First volume cover of the first manga series

Written and illustrated by Hiroya Oku, the prototype of Hen was selected as a semi-finalist at the 19th Youth Manga Awards in 1988. The manga started an irregular serialization in Shueisha's seinen manga magazine Weekly Young Jump the following year; it started a weekly serialization in 1992, and finished in 1994. Shueisha collected its chapters in thirteen tankōbon volumes, released from April 25, 1991, to April 24, 1995; a four-volume shinsoban edition was published from October 19, 2000, to January 19, 2001; and a nine-volume bunkoban edition was released from April 18 to September 15, 2006.
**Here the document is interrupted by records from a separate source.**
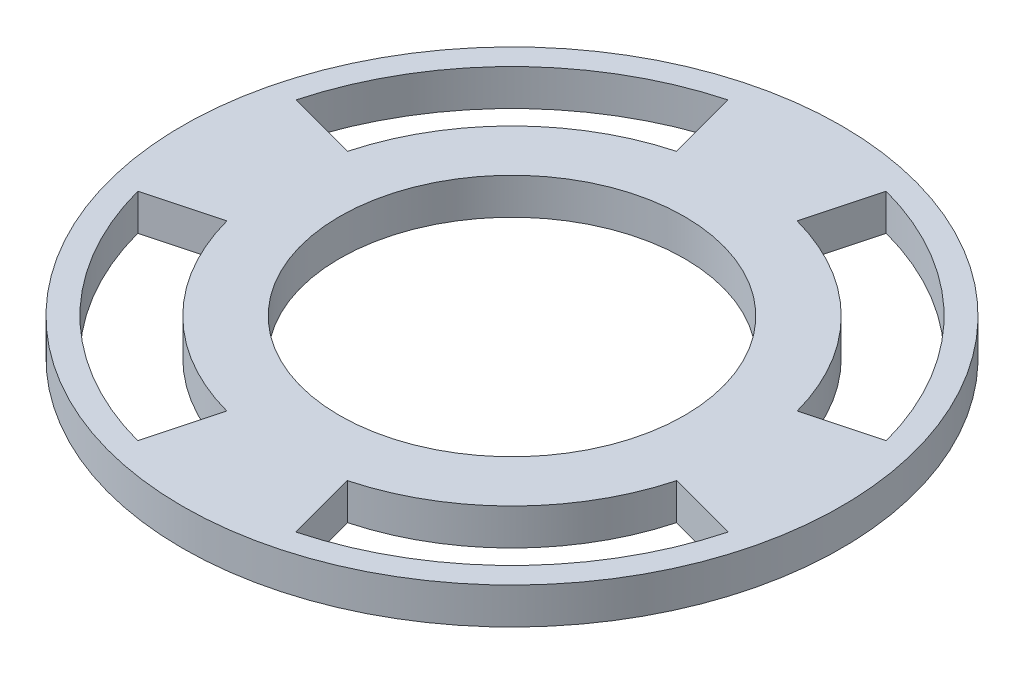
ISO-10303-21;
HEADER;
FILE_DESCRIPTION(('STEP AP214'),'2;1');
FILE_NAME('part.step','',(''),(''),'','','');
FILE_SCHEMA(('AUTOMOTIVE_DESIGN { 1 0 10303 214 1 1 1 1 }'));
ENDSEC;
DATA;
#1=APPLICATION_CONTEXT('core data for automotive mechanical design processes');
#2=APPLICATION_PROTOCOL_DEFINITION('international standard','automotive_design',2000,#1);
#3=PRODUCT_CONTEXT('',#1,'mechanical');
#4=PRODUCT('Part','Part','',(#3));
#5=PRODUCT_RELATED_PRODUCT_CATEGORY('part','',(#4));
#6=PRODUCT_DEFINITION_FORMATION('','',#4);
#7=PRODUCT_DEFINITION_CONTEXT('part definition',#1,'design');
#8=PRODUCT_DEFINITION('design','',#6,#7);
#9=PRODUCT_DEFINITION_SHAPE('','',#8);
#10=(LENGTH_UNIT() NAMED_UNIT(*) SI_UNIT(.MILLI.,.METRE.));
#11=(NAMED_UNIT(*) PLANE_ANGLE_UNIT() SI_UNIT($,.RADIAN.));
#12=(NAMED_UNIT(*) SI_UNIT($,.STERADIAN.) SOLID_ANGLE_UNIT());
#13=UNCERTAINTY_MEASURE_WITH_UNIT(LENGTH_MEASURE(1.E-05),#10,'distance_accuracy_value','');
#14=(GEOMETRIC_REPRESENTATION_CONTEXT(3) GLOBAL_UNCERTAINTY_ASSIGNED_CONTEXT((#13)) GLOBAL_UNIT_ASSIGNED_CONTEXT((#10,
#11,#12)) REPRESENTATION_CONTEXT('',''));
#15=CARTESIAN_POINT('',(0.,0.,0.));
#16=DIRECTION('',(0.,0.,1.));
#17=DIRECTION('',(1.,0.,0.));
#18=AXIS2_PLACEMENT_3D('',#15,#16,#17);
#19=CARTESIAN_POINT('',(0.,2.5,0.));
#20=DIRECTION('',(0.258819045102525,0.,-0.965925826289067));
#21=DIRECTION('',(-0.965925826289067,0.,-0.258819045102525));
#22=AXIS2_PLACEMENT_3D('',#19,#20,#21);
#23=PLANE('',#22);
#24=DIRECTION('',(0.965925826289067,0.,0.258819045102525));
#25=VECTOR('',#24,1.);
#26=CARTESIAN_POINT('',(0.,0.,0.));
#27=LINE('',#26,#25);
#28=CARTESIAN_POINT('',(15.4548132206251,0.,4.1411047216404));
#29=VERTEX_POINT('',#28);
#30=CARTESIAN_POINT('',(20.2844423520704,0.,5.43519994715302));
#31=VERTEX_POINT('',#30);
#32=EDGE_CURVE('E247',#29,#31,#27,.T.);
#33=ORIENTED_EDGE('',*,*,#32,.T.);
#34=DIRECTION('',(0.,-1.,0.));
#35=VECTOR('',#34,1.);
#36=CARTESIAN_POINT('',(20.2844423520704,2.5,5.43519994715302));
#37=LINE('',#36,#35);
#38=CARTESIAN_POINT('',(20.2844423520704,2.5,5.43519994715302));
#39=VERTEX_POINT('',#38);
#40=EDGE_CURVE('E11',#39,#31,#37,.T.);
#41=ORIENTED_EDGE('',*,*,#40,.F.);
#42=DIRECTION('',(0.965925826289067,0.,0.258819045102525));
#43=VECTOR('',#42,1.);
#44=CARTESIAN_POINT('',(0.,2.5,0.));
#45=LINE('',#44,#43);
#46=CARTESIAN_POINT('',(15.4548132206251,2.5,4.1411047216404));
#47=VERTEX_POINT('',#46);
#48=EDGE_CURVE('E180',#47,#39,#45,.T.);
#49=ORIENTED_EDGE('',*,*,#48,.F.);
#50=DIRECTION('',(0.,-1.,0.));
#51=VECTOR('',#50,1.);
#52=CARTESIAN_POINT('',(15.4548132206251,2.5,4.1411047216404));
#53=LINE('',#52,#51);
#54=EDGE_CURVE('E259',#47,#29,#53,.T.);
#55=ORIENTED_EDGE('',*,*,#54,.T.);
#56=EDGE_LOOP('',(#33,#41,#49,#55));
#57=FACE_BOUND('',#56,.T.);
#58=ADVANCED_FACE('F45',(#57),#23,.F.);
#59=CARTESIAN_POINT('',(0.,2.5,0.));
#60=DIRECTION('',(0.,-1.,0.));
#61=DIRECTION('',(0.,0.,-1.));
#62=AXIS2_PLACEMENT_3D('',#59,#60,#61);
#63=CYLINDRICAL_SURFACE('',#62,21.);
#64=CARTESIAN_POINT('',(0.,0.,0.));
#65=DIRECTION('',(0.,1.,0.));
#66=DIRECTION('',(0.,0.,1.));
#67=AXIS2_PLACEMENT_3D('',#64,#65,#66);
#68=CIRCLE('',#67,21.);
#69=CARTESIAN_POINT('',(5.43519994715281,0.,20.2844423520705));
#70=VERTEX_POINT('',#69);
#71=EDGE_CURVE('E170',#70,#31,#68,.T.);
#72=ORIENTED_EDGE('',*,*,#71,.F.);
#73=DIRECTION('',(0.,-1.,0.));
#74=VECTOR('',#73,1.);
#75=CARTESIAN_POINT('',(5.43519994715281,2.5,20.2844423520705));
#76=LINE('',#75,#74);
#77=CARTESIAN_POINT('',(5.43519994715281,2.5,20.2844423520705));
#78=VERTEX_POINT('',#77);
#79=EDGE_CURVE('E56',#78,#70,#76,.T.);
#80=ORIENTED_EDGE('',*,*,#79,.F.);
#81=CARTESIAN_POINT('',(0.,2.5,0.));
#82=DIRECTION('',(0.,1.,0.));
#83=DIRECTION('',(0.,0.,1.));
#84=AXIS2_PLACEMENT_3D('',#81,#82,#83);
#85=CIRCLE('',#84,21.);
#86=EDGE_CURVE('E168',#78,#39,#85,.T.);
#87=ORIENTED_EDGE('',*,*,#86,.T.);
#88=ORIENTED_EDGE('',*,*,#40,.T.);
#89=EDGE_LOOP('',(#72,#80,#87,#88));
#90=FACE_BOUND('',#89,.T.);
#91=ADVANCED_FACE('F167',(#90),#63,.F.);
#92=CARTESIAN_POINT('',(0.,2.5,0.));
#93=DIRECTION('',(0.96592582628907,0.,-0.258819045102515));
#94=DIRECTION('',(-0.258819045102515,0.,-0.96592582628907));
#95=AXIS2_PLACEMENT_3D('',#92,#93,#94);
#96=PLANE('',#95);
#97=DIRECTION('',(0.258819045102515,0.,0.96592582628907));
#98=VECTOR('',#97,1.);
#99=CARTESIAN_POINT('',(0.,0.,0.));
#100=LINE('',#99,#98);
#101=CARTESIAN_POINT('',(4.14110472164024,0.,15.4548132206251));
#102=VERTEX_POINT('',#101);
#103=EDGE_CURVE('E253',#102,#70,#100,.T.);
#104=ORIENTED_EDGE('',*,*,#103,.F.);
#105=DIRECTION('',(0.,-1.,0.));
#106=VECTOR('',#105,1.);
#107=CARTESIAN_POINT('',(4.14110472164024,2.5,15.4548132206251));
#108=LINE('',#107,#106);
#109=CARTESIAN_POINT('',(4.14110472164024,2.5,15.4548132206251));
#110=VERTEX_POINT('',#109);
#111=EDGE_CURVE('E116',#110,#102,#108,.T.);
#112=ORIENTED_EDGE('',*,*,#111,.F.);
#113=DIRECTION('',(0.258819045102515,0.,0.96592582628907));
#114=VECTOR('',#113,1.);
#115=CARTESIAN_POINT('',(0.,2.5,0.));
#116=LINE('',#115,#114);
#117=EDGE_CURVE('E178',#110,#78,#116,.T.);
#118=ORIENTED_EDGE('',*,*,#117,.T.);
#119=ORIENTED_EDGE('',*,*,#79,.T.);
#120=EDGE_LOOP('',(#104,#112,#118,#119));
#121=FACE_BOUND('',#120,.T.);
#122=ADVANCED_FACE('F184',(#121),#96,.T.);
#123=CARTESIAN_POINT('',(0.,2.5,0.));
#124=DIRECTION('',(0.,-1.,0.));
#125=DIRECTION('',(0.,0.,-1.));
#126=AXIS2_PLACEMENT_3D('',#123,#124,#125);
#127=CYLINDRICAL_SURFACE('',#126,21.);
#128=CARTESIAN_POINT('',(0.,0.,0.));
#129=DIRECTION('',(0.,1.,0.));
#130=DIRECTION('',(0.,0.,1.));
#131=AXIS2_PLACEMENT_3D('',#128,#129,#130);
#132=CIRCLE('',#131,21.);
#133=CARTESIAN_POINT('',(-20.2844423520705,0.,5.43519994715274));
#134=VERTEX_POINT('',#133);
#135=CARTESIAN_POINT('',(-5.43519994715309,0.,20.2844423520704));
#136=VERTEX_POINT('',#135);
#137=EDGE_CURVE('E227',#134,#136,#132,.T.);
#138=ORIENTED_EDGE('',*,*,#137,.F.);
#139=DIRECTION('',(0.,-1.,0.));
#140=VECTOR('',#139,1.);
#141=CARTESIAN_POINT('',(-20.2844423520705,2.5,5.43519994715274));
#142=LINE('',#141,#140);
#143=CARTESIAN_POINT('',(-20.2844423520705,2.5,5.43519994715274));
#144=VERTEX_POINT('',#143);
#145=EDGE_CURVE('E262',#144,#134,#142,.T.);
#146=ORIENTED_EDGE('',*,*,#145,.F.);
#147=CARTESIAN_POINT('',(0.,2.5,0.));
#148=DIRECTION('',(0.,1.,0.));
#149=DIRECTION('',(0.,0.,1.));
#150=AXIS2_PLACEMENT_3D('',#147,#148,#149);
#151=CIRCLE('',#150,21.);
#152=CARTESIAN_POINT('',(-5.43519994715309,2.5,20.2844423520704));
#153=VERTEX_POINT('',#152);
#154=EDGE_CURVE('E344',#144,#153,#151,.T.);
#155=ORIENTED_EDGE('',*,*,#154,.T.);
#156=DIRECTION('',(0.,-1.,0.));
#157=VECTOR('',#156,1.);
#158=CARTESIAN_POINT('',(-5.43519994715309,2.5,20.2844423520704));
#159=LINE('',#158,#157);
#160=EDGE_CURVE('E265',#153,#136,#159,.T.);
#161=ORIENTED_EDGE('',*,*,#160,.T.);
#162=EDGE_LOOP('',(#138,#146,#155,#161));
#163=FACE_BOUND('',#162,.T.);
#164=ADVANCED_FACE('F404',(#163),#127,.F.);
#165=CARTESIAN_POINT('',(0.,2.5,0.));
#166=DIRECTION('',(0.258819045102511,0.,0.965925826289071));
#167=DIRECTION('',(0.965925826289071,0.,-0.258819045102511));
#168=AXIS2_PLACEMENT_3D('',#165,#166,#167);
#169=PLANE('',#168);
#170=DIRECTION('',(-0.965925826289071,0.,0.258819045102511));
#171=VECTOR('',#170,1.);
#172=CARTESIAN_POINT('',(0.,0.,0.));
#173=LINE('',#172,#171);
#174=CARTESIAN_POINT('',(-15.4548132206251,0.,4.14110472164018));
#175=VERTEX_POINT('',#174);
#176=EDGE_CURVE('E231',#175,#134,#173,.T.);
#177=ORIENTED_EDGE('',*,*,#176,.F.);
#178=DIRECTION('',(0.,-1.,0.));
#179=VECTOR('',#178,1.);
#180=CARTESIAN_POINT('',(-15.4548132206251,2.5,4.14110472164018));
#181=LINE('',#180,#179);
#182=CARTESIAN_POINT('',(-15.4548132206251,2.5,4.14110472164018));
#183=VERTEX_POINT('',#182);
#184=EDGE_CURVE('E273',#183,#175,#181,.T.);
#185=ORIENTED_EDGE('',*,*,#184,.F.);
#186=DIRECTION('',(-0.965925826289071,0.,0.258819045102511));
#187=VECTOR('',#186,1.);
#188=CARTESIAN_POINT('',(0.,2.5,0.));
#189=LINE('',#188,#187);
#190=EDGE_CURVE('E348',#183,#144,#189,.T.);
#191=ORIENTED_EDGE('',*,*,#190,.T.);
#192=ORIENTED_EDGE('',*,*,#145,.T.);
#193=EDGE_LOOP('',(#177,#185,#191,#192));
#194=FACE_BOUND('',#193,.T.);
#195=ADVANCED_FACE('F400',(#194),#169,.T.);
#196=CARTESIAN_POINT('',(0.,2.5,0.));
#197=DIRECTION('',(0.,-1.,0.));
#198=DIRECTION('',(0.,0.,-1.));
#199=AXIS2_PLACEMENT_3D('',#196,#197,#198);
#200=CYLINDRICAL_SURFACE('',#199,16.);
#201=CARTESIAN_POINT('',(0.,0.,0.));
#202=DIRECTION('',(0.,1.,0.));
#203=DIRECTION('',(0.,0.,1.));
#204=AXIS2_PLACEMENT_3D('',#201,#202,#203);
#205=CIRCLE('',#204,16.);
#206=CARTESIAN_POINT('',(-4.14110472164045,0.,15.4548132206251));
#207=VERTEX_POINT('',#206);
#208=EDGE_CURVE('E235',#175,#207,#205,.T.);
#209=ORIENTED_EDGE('',*,*,#208,.T.);
#210=DIRECTION('',(0.,-1.,0.));
#211=VECTOR('',#210,1.);
#212=CARTESIAN_POINT('',(-4.14110472164045,2.5,15.4548132206251));
#213=LINE('',#212,#211);
#214=CARTESIAN_POINT('',(-4.14110472164045,2.5,15.4548132206251));
#215=VERTEX_POINT('',#214);
#216=EDGE_CURVE('E268',#215,#207,#213,.T.);
#217=ORIENTED_EDGE('',*,*,#216,.F.);
#218=CARTESIAN_POINT('',(0.,2.5,0.));
#219=DIRECTION('',(0.,1.,0.));
#220=DIRECTION('',(0.,0.,1.));
#221=AXIS2_PLACEMENT_3D('',#218,#219,#220);
#222=CIRCLE('',#221,16.);
#223=EDGE_CURVE('E352',#183,#215,#222,.T.);
#224=ORIENTED_EDGE('',*,*,#223,.F.);
#225=ORIENTED_EDGE('',*,*,#184,.T.);
#226=EDGE_LOOP('',(#209,#217,#224,#225));
#227=FACE_BOUND('',#226,.T.);
#228=ADVANCED_FACE('F396',(#227),#200,.T.);
#229=CARTESIAN_POINT('',(0.,2.5,0.));
#230=DIRECTION('',(-0.965925826289068,0.,-0.258819045102521));
#231=DIRECTION('',(-0.258819045102521,0.,0.965925826289068));
#232=AXIS2_PLACEMENT_3D('',#229,#230,#231);
#233=PLANE('',#232);
#234=DIRECTION('',(0.258819045102521,0.,-0.965925826289068));
#235=VECTOR('',#234,1.);
#236=CARTESIAN_POINT('',(0.,0.,0.));
#237=LINE('',#236,#235);
#238=CARTESIAN_POINT('',(4.14110472164034,0.,-15.4548132206251));
#239=VERTEX_POINT('',#238);
#240=CARTESIAN_POINT('',(5.43519994715295,0.,-20.2844423520704));
#241=VERTEX_POINT('',#240);
#242=EDGE_CURVE('E212',#239,#241,#237,.T.);
#243=ORIENTED_EDGE('',*,*,#242,.T.);
#244=DIRECTION('',(0.,-1.,0.));
#245=VECTOR('',#244,1.);
#246=CARTESIAN_POINT('',(5.43519994715295,2.5,-20.2844423520704));
#247=LINE('',#246,#245);
#248=CARTESIAN_POINT('',(5.43519994715295,2.5,-20.2844423520704));
#249=VERTEX_POINT('',#248);
#250=EDGE_CURVE('E269',#249,#241,#247,.T.);
#251=ORIENTED_EDGE('',*,*,#250,.F.);
#252=DIRECTION('',(0.258819045102521,0.,-0.965925826289068));
#253=VECTOR('',#252,1.);
#254=CARTESIAN_POINT('',(0.,2.5,0.));
#255=LINE('',#254,#253);
#256=CARTESIAN_POINT('',(4.14110472164034,2.5,-15.4548132206251));
#257=VERTEX_POINT('',#256);
#258=EDGE_CURVE('E321',#257,#249,#255,.T.);
#259=ORIENTED_EDGE('',*,*,#258,.F.);
#260=DIRECTION('',(0.,-1.,0.));
#261=VECTOR('',#260,1.);
#262=CARTESIAN_POINT('',(4.14110472164034,2.5,-15.4548132206251));
#263=LINE('',#262,#261);
#264=EDGE_CURVE('E278',#257,#239,#263,.T.);
#265=ORIENTED_EDGE('',*,*,#264,.T.);
#266=EDGE_LOOP('',(#243,#251,#259,#265));
#267=FACE_BOUND('',#266,.T.);
#268=ADVANCED_FACE('F399',(#267),#233,.F.);
#269=CARTESIAN_POINT('',(0.,2.5,0.));
#270=DIRECTION('',(0.,-1.,0.));
#271=DIRECTION('',(0.,0.,-1.));
#272=AXIS2_PLACEMENT_3D('',#269,#270,#271);
#273=CYLINDRICAL_SURFACE('',#272,21.);
#274=CARTESIAN_POINT('',(0.,0.,0.));
#275=DIRECTION('',(0.,1.,0.));
#276=DIRECTION('',(0.,0.,1.));
#277=AXIS2_PLACEMENT_3D('',#274,#275,#276);
#278=CIRCLE('',#277,21.);
#279=CARTESIAN_POINT('',(20.2844423520704,0.,-5.43519994715288));
#280=VERTEX_POINT('',#279);
#281=EDGE_CURVE('E216',#280,#241,#278,.T.);
#282=ORIENTED_EDGE('',*,*,#281,.F.);
#283=DIRECTION('',(0.,-1.,0.));
#284=VECTOR('',#283,1.);
#285=CARTESIAN_POINT('',(20.2844423520704,2.5,-5.43519994715288));
#286=LINE('',#285,#284);
#287=CARTESIAN_POINT('',(20.2844423520704,2.5,-5.43519994715288));
#288=VERTEX_POINT('',#287);
#289=EDGE_CURVE('E285',#288,#280,#286,.T.);
#290=ORIENTED_EDGE('',*,*,#289,.F.);
#291=CARTESIAN_POINT('',(0.,2.5,0.));
#292=DIRECTION('',(0.,1.,0.));
#293=DIRECTION('',(0.,0.,1.));
#294=AXIS2_PLACEMENT_3D('',#291,#292,#293);
#295=CIRCLE('',#294,21.);
#296=EDGE_CURVE('E333',#288,#249,#295,.T.);
#297=ORIENTED_EDGE('',*,*,#296,.T.);
#298=ORIENTED_EDGE('',*,*,#250,.T.);
#299=EDGE_LOOP('',(#282,#290,#297,#298));
#300=FACE_BOUND('',#299,.T.);
#301=ADVANCED_FACE('F415',(#300),#273,.F.);
#302=CARTESIAN_POINT('',(0.,2.5,0.));
#303=DIRECTION('',(-0.258819045102518,0.,-0.965925826289069));
#304=DIRECTION('',(-0.965925826289069,0.,0.258819045102518));
#305=AXIS2_PLACEMENT_3D('',#302,#303,#304);
#306=PLANE('',#305);
#307=DIRECTION('',(0.965925826289069,0.,-0.258819045102518));
#308=VECTOR('',#307,1.);
#309=CARTESIAN_POINT('',(0.,0.,0.));
#310=LINE('',#309,#308);
#311=CARTESIAN_POINT('',(15.4548132206251,0.,-4.14110472164029));
#312=VERTEX_POINT('',#311);
#313=EDGE_CURVE('E220',#312,#280,#310,.T.);
#314=ORIENTED_EDGE('',*,*,#313,.F.);
#315=DIRECTION('',(0.,-1.,0.));
#316=VECTOR('',#315,1.);
#317=CARTESIAN_POINT('',(15.4548132206251,2.5,-4.14110472164029));
#318=LINE('',#317,#316);
#319=CARTESIAN_POINT('',(15.4548132206251,2.5,-4.14110472164029));
#320=VERTEX_POINT('',#319);
#321=EDGE_CURVE('E282',#320,#312,#318,.T.);
#322=ORIENTED_EDGE('',*,*,#321,.F.);
#323=DIRECTION('',(0.965925826289069,0.,-0.258819045102518));
#324=VECTOR('',#323,1.);
#325=CARTESIAN_POINT('',(0.,2.5,0.));
#326=LINE('',#325,#324);
#327=EDGE_CURVE('E337',#320,#288,#326,.T.);
#328=ORIENTED_EDGE('',*,*,#327,.T.);
#329=ORIENTED_EDGE('',*,*,#289,.T.);
#330=EDGE_LOOP('',(#314,#322,#328,#329));
#331=FACE_BOUND('',#330,.T.);
#332=ADVANCED_FACE('F412',(#331),#306,.T.);
#333=CARTESIAN_POINT('',(0.,2.5,0.));
#334=DIRECTION('',(0.,-1.,0.));
#335=DIRECTION('',(0.,0.,-1.));
#336=AXIS2_PLACEMENT_3D('',#333,#334,#335);
#337=CYLINDRICAL_SURFACE('',#336,21.);
#338=CARTESIAN_POINT('',(0.,0.,0.));
#339=DIRECTION('',(0.,1.,0.));
#340=DIRECTION('',(0.,0.,1.));
#341=AXIS2_PLACEMENT_3D('',#338,#339,#340);
#342=CIRCLE('',#341,21.);
#343=CARTESIAN_POINT('',(-5.43519994715295,0.,-20.2844423520704));
#344=VERTEX_POINT('',#343);
#345=CARTESIAN_POINT('',(-20.2844423520704,0.,-5.43519994715316));
#346=VERTEX_POINT('',#345);
#347=EDGE_CURVE('E196',#344,#346,#342,.T.);
#348=ORIENTED_EDGE('',*,*,#347,.F.);
#349=DIRECTION('',(0.,-1.,0.));
#350=VECTOR('',#349,1.);
#351=CARTESIAN_POINT('',(-5.43519994715295,2.5,-20.2844423520704));
#352=LINE('',#351,#350);
#353=CARTESIAN_POINT('',(-5.43519994715295,2.5,-20.2844423520704));
#354=VERTEX_POINT('',#353);
#355=EDGE_CURVE('E49',#354,#344,#352,.T.);
#356=ORIENTED_EDGE('',*,*,#355,.F.);
#357=CARTESIAN_POINT('',(0.,2.5,0.));
#358=DIRECTION('',(0.,1.,0.));
#359=DIRECTION('',(0.,0.,1.));
#360=AXIS2_PLACEMENT_3D('',#357,#358,#359);
#361=CIRCLE('',#360,21.);
#362=CARTESIAN_POINT('',(-20.2844423520704,2.5,-5.43519994715316));
#363=VERTEX_POINT('',#362);
#364=EDGE_CURVE('E327',#354,#363,#361,.T.);
#365=ORIENTED_EDGE('',*,*,#364,.T.);
#366=DIRECTION('',(0.,-1.,0.));
#367=VECTOR('',#366,1.);
#368=CARTESIAN_POINT('',(-20.2844423520704,2.5,-5.43519994715316));
#369=LINE('',#368,#367);
#370=EDGE_CURVE('E188',#363,#346,#369,.T.);
#371=ORIENTED_EDGE('',*,*,#370,.T.);
#372=EDGE_LOOP('',(#348,#356,#365,#371));
#373=FACE_BOUND('',#372,.T.);
#374=ADVANCED_FACE('F307',(#373),#337,.F.);
#375=CARTESIAN_POINT('',(0.,2.5,0.));
#376=DIRECTION('',(-0.965925826289068,0.,0.258819045102522));
#377=DIRECTION('',(0.258819045102522,0.,0.965925826289068));
#378=AXIS2_PLACEMENT_3D('',#375,#376,#377);
#379=PLANE('',#378);
#380=DIRECTION('',(-0.258819045102522,0.,-0.965925826289068));
#381=VECTOR('',#380,1.);
#382=CARTESIAN_POINT('',(0.,0.,0.));
#383=LINE('',#382,#381);
#384=CARTESIAN_POINT('',(-4.14110472164034,0.,-15.4548132206251));
#385=VERTEX_POINT('',#384);
#386=EDGE_CURVE('E200',#385,#344,#383,.T.);
#387=ORIENTED_EDGE('',*,*,#386,.F.);
#388=DIRECTION('',(0.,-1.,0.));
#389=VECTOR('',#388,1.);
#390=CARTESIAN_POINT('',(-4.14110472164034,2.5,-15.4548132206251));
#391=LINE('',#390,#389);
#392=CARTESIAN_POINT('',(-4.14110472164034,2.5,-15.4548132206251));
#393=VERTEX_POINT('',#392);
#394=EDGE_CURVE('E295',#393,#385,#391,.T.);
#395=ORIENTED_EDGE('',*,*,#394,.F.);
#396=DIRECTION('',(-0.258819045102522,0.,-0.965925826289068));
#397=VECTOR('',#396,1.);
#398=CARTESIAN_POINT('',(0.,2.5,0.));
#399=LINE('',#398,#397);
#400=EDGE_CURVE('E306',#393,#354,#399,.T.);
#401=ORIENTED_EDGE('',*,*,#400,.T.);
#402=ORIENTED_EDGE('',*,*,#355,.T.);
#403=EDGE_LOOP('',(#387,#395,#401,#402));
#404=FACE_BOUND('',#403,.T.);
#405=ADVANCED_FACE('F304',(#404),#379,.T.);
#406=CARTESIAN_POINT('',(0.,2.5,0.));
#407=DIRECTION('',(0.,-1.,0.));
#408=DIRECTION('',(0.,0.,-1.));
#409=AXIS2_PLACEMENT_3D('',#406,#407,#408);
#410=CYLINDRICAL_SURFACE('',#409,16.);
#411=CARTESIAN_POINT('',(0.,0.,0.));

Another series, also titled Hen (stylized in Latin script), was serialized in Weekly Young Jump from 1995 to 1997. Shueisha collected its chapters in eight tankōbon volumes, released from September 24, 1995, to June 24, 1997. A six-volume bunkoban edition was released from February 18 to June 17, 2011.

===Drama===
A television drama adaptation was broadcast on TV Asahi in 1996. The first half, adapting the first series and starring Shinsuke Aoki as Ichirō Suzuki and actress Aiko Sato as Yūki Satō, was broadcast for seven episodes from April 7 to May 19; (Note: Originally broadcast on Saturday at 24:00, which is effectively Sunday at midnight JST.) the second half, adapting the second series and starring Asami Jō as Chizuru Yoshida and Miho Kiuchi as Azumi Yamada, was broadcast for five episodes from May 26 to June 30. Art Five re-released the series on two DVD boxes (each containing each part) in November 2006.

===Original video animation===
A two-episode original video animation (OVA) adaptation of the second series, "Chizuru and Azumi", animated by Group TAC and directed by Daiji Suzuki, was released by Toei Video on March 21 and June 21, 1997.

In North America, the OVA was licensed by Central Park Media and released on DVD, under the title Strange Love, on February 12, 2002.